[Record excerpts]
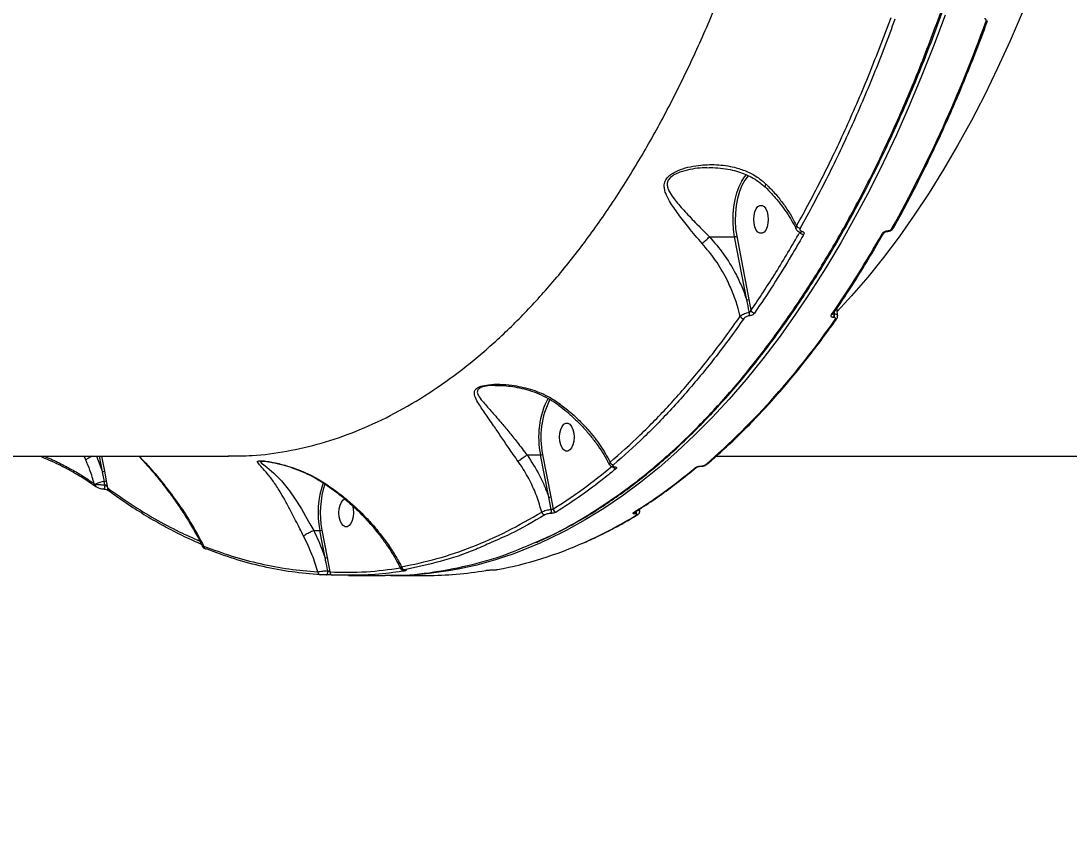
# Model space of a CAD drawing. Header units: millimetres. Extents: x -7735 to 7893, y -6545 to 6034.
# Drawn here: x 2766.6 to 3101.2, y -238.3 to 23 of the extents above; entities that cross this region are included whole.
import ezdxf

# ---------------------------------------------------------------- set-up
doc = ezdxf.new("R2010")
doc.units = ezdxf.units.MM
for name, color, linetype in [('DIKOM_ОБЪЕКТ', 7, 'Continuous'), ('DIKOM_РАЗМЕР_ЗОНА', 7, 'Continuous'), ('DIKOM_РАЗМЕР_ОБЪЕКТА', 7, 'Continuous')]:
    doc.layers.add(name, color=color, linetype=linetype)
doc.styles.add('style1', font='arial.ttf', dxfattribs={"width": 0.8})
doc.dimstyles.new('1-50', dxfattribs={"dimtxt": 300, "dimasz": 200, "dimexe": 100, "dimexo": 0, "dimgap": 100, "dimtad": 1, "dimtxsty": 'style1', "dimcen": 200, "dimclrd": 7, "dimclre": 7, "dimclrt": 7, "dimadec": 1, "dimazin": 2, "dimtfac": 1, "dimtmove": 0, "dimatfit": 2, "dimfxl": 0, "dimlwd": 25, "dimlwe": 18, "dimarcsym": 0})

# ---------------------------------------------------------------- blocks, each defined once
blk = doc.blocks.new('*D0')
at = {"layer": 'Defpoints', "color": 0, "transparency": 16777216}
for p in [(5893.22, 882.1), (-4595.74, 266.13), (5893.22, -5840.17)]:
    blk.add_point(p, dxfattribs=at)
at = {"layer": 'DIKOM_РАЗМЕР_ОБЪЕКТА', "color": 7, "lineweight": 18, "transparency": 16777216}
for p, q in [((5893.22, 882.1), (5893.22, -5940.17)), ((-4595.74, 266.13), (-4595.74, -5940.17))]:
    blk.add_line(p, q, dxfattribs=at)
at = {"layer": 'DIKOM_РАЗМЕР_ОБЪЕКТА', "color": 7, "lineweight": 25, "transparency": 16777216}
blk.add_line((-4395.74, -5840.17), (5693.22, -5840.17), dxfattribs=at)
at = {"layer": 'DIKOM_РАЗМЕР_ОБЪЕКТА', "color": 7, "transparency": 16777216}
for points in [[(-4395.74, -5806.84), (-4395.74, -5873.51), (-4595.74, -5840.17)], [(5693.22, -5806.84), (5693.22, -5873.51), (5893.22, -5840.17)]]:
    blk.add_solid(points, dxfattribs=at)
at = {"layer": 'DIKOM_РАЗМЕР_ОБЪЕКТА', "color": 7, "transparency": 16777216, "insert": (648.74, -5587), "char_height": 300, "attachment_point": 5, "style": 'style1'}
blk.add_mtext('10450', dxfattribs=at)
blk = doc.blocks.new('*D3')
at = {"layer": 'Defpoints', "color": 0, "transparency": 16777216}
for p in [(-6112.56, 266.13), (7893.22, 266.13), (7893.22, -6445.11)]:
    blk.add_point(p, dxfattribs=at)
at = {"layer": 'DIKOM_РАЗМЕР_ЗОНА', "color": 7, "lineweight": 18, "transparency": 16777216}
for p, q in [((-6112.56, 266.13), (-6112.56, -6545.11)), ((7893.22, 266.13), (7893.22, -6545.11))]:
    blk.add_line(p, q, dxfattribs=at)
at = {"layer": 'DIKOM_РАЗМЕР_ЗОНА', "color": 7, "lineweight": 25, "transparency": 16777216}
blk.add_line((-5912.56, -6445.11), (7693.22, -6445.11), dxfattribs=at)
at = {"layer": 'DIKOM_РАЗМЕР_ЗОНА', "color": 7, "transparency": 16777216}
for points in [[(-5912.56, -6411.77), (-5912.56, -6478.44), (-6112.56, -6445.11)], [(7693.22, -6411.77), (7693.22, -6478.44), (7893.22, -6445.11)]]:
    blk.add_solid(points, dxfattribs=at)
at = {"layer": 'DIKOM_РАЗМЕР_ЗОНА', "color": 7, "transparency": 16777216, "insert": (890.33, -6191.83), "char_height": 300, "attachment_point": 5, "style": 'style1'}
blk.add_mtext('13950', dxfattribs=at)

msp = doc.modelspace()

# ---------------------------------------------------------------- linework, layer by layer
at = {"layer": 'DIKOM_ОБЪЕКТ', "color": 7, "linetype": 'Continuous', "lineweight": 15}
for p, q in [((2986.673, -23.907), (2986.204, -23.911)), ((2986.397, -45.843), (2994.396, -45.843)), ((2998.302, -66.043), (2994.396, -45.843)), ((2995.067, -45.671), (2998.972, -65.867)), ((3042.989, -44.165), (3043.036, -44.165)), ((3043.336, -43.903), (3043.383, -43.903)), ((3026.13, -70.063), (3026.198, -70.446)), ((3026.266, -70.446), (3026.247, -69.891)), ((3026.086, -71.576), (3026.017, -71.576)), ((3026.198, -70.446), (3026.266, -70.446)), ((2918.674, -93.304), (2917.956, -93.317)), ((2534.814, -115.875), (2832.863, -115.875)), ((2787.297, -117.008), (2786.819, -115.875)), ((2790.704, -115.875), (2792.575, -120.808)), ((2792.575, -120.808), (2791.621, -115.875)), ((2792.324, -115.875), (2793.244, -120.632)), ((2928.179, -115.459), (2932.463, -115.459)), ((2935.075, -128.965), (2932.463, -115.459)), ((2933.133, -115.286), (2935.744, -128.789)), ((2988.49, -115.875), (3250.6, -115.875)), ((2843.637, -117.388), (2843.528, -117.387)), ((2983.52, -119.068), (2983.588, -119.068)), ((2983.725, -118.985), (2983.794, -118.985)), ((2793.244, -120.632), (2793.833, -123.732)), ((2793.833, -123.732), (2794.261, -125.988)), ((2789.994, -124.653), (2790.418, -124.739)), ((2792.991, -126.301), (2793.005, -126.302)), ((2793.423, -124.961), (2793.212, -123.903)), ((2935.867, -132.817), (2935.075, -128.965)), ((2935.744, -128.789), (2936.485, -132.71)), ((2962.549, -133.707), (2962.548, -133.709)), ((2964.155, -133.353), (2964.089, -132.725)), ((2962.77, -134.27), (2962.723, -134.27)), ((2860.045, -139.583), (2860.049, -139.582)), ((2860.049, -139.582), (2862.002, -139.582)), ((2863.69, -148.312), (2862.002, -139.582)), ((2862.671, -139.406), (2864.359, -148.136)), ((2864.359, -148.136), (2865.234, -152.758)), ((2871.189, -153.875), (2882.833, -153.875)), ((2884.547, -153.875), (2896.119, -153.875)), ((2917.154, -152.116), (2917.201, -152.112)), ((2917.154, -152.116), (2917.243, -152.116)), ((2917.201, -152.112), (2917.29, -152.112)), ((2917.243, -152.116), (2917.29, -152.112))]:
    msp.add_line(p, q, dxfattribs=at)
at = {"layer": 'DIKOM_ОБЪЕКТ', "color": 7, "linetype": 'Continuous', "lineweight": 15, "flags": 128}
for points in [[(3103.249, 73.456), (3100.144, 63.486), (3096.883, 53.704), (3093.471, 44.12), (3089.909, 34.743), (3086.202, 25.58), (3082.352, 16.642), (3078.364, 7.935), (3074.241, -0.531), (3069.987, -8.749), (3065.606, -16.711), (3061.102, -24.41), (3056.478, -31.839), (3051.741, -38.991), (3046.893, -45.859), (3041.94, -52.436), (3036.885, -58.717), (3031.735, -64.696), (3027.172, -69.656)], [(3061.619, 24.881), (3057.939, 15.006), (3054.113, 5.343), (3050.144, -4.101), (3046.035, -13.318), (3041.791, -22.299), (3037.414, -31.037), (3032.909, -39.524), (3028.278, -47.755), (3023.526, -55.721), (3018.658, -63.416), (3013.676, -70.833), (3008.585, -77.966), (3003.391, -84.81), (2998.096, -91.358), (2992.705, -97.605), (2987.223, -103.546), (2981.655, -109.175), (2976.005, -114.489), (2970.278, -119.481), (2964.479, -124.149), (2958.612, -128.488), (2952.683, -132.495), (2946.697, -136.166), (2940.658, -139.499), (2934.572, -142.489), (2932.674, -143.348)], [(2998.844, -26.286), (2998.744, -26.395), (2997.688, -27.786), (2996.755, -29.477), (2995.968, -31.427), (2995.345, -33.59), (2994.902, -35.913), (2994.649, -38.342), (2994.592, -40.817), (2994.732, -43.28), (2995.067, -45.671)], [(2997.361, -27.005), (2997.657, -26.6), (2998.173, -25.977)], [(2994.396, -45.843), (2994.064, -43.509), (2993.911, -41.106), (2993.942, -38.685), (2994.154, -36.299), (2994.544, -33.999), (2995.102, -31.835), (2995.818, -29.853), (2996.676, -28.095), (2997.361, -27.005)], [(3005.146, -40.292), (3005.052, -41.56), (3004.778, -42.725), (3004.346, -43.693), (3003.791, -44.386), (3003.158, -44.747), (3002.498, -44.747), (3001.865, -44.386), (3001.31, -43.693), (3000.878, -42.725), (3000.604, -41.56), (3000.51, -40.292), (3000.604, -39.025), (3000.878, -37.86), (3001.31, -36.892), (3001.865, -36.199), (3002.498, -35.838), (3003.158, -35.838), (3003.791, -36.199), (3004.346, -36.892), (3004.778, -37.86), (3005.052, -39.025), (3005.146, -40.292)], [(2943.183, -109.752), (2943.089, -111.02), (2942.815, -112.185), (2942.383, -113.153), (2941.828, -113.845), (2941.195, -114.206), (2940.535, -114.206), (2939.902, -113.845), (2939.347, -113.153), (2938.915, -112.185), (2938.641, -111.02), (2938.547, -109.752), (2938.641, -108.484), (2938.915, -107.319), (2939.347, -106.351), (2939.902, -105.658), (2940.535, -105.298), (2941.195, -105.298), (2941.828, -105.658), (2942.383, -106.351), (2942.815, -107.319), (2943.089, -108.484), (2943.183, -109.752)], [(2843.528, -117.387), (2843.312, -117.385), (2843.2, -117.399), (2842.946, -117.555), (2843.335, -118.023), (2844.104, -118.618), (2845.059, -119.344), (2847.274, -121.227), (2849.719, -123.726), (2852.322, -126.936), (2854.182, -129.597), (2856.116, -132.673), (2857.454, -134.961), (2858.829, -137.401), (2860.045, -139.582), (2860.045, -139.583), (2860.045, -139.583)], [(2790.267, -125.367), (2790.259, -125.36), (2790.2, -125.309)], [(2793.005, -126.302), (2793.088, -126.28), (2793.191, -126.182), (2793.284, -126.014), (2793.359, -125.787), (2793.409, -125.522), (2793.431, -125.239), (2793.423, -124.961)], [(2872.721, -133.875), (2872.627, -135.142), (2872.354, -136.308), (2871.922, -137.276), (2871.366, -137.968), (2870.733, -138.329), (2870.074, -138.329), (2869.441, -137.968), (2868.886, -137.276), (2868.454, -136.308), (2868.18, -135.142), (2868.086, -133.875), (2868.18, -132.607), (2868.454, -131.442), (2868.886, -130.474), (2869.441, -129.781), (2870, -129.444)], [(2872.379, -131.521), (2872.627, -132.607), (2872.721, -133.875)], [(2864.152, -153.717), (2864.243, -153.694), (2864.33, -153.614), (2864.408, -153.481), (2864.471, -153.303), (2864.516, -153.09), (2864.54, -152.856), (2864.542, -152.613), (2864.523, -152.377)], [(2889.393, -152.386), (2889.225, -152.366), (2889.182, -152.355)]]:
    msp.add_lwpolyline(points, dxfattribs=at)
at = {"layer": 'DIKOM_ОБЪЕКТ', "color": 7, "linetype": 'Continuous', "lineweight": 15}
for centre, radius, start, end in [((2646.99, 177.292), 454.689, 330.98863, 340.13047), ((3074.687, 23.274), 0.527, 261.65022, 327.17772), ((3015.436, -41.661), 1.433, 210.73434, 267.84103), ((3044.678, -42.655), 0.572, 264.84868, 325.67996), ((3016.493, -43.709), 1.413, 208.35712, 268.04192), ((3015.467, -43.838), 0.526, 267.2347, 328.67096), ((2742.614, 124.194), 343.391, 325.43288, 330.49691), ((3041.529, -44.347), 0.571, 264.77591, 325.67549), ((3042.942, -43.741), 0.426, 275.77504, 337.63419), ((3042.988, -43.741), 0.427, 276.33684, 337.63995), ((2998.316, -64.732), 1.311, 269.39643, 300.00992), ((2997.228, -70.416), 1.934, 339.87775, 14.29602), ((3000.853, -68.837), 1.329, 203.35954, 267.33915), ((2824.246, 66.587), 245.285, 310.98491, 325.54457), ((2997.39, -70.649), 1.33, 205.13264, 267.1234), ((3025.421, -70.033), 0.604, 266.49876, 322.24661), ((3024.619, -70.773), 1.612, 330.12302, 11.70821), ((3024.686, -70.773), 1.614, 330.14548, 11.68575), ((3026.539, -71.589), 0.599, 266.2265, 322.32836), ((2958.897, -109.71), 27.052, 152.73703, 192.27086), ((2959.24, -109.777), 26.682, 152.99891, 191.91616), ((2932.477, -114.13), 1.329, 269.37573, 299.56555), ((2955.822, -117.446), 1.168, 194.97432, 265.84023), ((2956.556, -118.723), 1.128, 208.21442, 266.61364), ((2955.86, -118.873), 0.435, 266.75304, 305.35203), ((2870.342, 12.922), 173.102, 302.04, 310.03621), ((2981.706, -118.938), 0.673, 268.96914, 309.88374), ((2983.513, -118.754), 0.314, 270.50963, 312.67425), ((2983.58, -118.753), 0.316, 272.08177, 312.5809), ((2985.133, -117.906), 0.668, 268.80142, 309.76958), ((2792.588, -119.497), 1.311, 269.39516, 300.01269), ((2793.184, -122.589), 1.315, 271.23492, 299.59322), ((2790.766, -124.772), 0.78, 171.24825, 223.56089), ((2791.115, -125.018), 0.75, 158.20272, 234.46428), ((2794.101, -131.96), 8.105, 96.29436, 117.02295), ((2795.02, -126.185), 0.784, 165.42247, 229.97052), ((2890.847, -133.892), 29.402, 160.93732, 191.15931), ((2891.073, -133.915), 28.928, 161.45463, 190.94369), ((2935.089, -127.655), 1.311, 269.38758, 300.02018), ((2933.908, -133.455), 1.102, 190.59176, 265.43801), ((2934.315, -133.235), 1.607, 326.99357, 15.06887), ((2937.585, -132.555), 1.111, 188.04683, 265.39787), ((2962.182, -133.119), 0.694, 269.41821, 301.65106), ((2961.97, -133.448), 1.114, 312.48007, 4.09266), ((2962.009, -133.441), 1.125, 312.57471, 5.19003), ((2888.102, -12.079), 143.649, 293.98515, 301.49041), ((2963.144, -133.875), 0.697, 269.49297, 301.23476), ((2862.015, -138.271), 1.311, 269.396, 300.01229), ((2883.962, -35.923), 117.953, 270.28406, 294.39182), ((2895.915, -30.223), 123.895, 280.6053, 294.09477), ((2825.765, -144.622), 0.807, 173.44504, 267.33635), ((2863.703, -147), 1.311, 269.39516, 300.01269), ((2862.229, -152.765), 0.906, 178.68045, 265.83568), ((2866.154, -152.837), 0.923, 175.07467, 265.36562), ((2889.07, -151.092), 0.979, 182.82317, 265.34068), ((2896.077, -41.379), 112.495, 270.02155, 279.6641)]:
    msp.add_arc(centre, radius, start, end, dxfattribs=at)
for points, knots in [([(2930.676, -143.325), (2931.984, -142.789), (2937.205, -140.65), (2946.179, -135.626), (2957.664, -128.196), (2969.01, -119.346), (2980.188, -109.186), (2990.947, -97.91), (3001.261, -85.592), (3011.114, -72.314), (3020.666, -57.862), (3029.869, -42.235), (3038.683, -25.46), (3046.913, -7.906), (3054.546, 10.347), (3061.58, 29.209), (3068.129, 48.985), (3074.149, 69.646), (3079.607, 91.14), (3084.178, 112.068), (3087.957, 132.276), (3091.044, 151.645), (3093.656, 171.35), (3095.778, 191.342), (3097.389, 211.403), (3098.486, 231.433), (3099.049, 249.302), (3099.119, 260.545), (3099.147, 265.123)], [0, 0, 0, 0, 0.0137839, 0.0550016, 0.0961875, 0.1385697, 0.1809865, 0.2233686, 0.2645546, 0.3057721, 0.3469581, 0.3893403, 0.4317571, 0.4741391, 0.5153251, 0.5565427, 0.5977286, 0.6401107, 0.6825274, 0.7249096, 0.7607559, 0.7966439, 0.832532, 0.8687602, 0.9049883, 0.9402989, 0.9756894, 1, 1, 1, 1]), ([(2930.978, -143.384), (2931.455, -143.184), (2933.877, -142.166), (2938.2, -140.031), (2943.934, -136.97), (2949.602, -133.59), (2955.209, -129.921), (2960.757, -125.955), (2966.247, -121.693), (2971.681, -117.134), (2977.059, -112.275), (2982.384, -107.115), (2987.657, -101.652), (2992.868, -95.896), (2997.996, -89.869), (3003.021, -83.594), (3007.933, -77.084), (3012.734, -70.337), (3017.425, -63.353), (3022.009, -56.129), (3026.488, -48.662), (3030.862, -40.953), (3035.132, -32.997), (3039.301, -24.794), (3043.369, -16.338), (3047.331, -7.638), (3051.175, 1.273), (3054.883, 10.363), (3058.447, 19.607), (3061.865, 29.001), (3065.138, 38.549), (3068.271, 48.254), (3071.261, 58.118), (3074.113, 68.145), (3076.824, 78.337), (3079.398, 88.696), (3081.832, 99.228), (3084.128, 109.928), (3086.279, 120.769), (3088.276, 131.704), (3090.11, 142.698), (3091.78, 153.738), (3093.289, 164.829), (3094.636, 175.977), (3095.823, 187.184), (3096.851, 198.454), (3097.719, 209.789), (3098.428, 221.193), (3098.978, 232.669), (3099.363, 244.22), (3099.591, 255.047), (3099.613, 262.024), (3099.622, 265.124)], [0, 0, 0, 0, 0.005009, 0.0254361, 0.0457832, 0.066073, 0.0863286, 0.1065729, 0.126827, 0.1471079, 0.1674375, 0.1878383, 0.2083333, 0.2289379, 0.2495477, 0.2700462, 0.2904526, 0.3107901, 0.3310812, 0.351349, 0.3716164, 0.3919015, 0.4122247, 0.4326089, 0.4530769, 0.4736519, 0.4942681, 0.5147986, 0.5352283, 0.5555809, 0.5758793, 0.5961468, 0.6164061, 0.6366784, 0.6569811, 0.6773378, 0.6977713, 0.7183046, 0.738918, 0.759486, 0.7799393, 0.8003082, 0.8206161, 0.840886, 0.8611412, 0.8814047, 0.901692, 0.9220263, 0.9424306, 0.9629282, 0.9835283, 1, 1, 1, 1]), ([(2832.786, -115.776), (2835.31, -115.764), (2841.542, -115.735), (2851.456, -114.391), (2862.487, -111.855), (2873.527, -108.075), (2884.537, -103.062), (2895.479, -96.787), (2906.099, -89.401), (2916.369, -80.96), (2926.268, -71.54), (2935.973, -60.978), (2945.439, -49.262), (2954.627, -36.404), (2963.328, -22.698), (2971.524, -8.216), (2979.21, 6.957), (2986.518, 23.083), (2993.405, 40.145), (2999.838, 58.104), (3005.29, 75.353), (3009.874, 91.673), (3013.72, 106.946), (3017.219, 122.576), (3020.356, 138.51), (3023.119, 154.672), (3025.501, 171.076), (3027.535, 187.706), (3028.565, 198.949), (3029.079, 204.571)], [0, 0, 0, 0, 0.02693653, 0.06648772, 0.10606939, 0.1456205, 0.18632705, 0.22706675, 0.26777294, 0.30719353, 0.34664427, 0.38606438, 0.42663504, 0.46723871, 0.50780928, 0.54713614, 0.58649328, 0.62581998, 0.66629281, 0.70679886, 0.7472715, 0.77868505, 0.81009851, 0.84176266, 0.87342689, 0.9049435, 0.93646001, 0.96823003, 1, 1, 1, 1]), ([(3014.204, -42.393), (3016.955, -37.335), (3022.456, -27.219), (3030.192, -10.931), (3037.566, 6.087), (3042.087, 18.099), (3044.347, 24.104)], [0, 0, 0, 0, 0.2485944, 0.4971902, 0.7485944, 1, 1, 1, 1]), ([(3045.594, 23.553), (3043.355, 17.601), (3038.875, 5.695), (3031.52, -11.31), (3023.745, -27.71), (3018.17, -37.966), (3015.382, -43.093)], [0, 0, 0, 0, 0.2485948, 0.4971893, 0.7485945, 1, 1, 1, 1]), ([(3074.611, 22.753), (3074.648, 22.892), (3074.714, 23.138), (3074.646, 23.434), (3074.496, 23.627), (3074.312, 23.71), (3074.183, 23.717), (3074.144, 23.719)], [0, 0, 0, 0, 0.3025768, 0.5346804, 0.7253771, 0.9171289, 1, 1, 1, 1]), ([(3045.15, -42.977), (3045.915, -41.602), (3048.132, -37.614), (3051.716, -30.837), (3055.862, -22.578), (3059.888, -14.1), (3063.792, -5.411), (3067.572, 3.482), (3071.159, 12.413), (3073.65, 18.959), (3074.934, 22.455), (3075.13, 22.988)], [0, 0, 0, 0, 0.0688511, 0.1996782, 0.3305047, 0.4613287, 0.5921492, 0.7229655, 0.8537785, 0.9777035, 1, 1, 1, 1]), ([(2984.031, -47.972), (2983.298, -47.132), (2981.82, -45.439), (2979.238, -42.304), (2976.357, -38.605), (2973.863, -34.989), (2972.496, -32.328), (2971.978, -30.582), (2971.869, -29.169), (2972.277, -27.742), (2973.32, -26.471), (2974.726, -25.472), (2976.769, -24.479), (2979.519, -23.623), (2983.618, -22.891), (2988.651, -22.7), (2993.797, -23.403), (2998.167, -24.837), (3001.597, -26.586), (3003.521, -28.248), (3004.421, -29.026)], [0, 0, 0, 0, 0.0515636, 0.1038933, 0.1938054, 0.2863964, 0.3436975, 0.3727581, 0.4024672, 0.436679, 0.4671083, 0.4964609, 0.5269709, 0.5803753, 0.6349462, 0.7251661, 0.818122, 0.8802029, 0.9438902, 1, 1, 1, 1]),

[About this task] Line count for the string "lineweight": work it out from the records above and reply with the number alone.

[Written solution] 7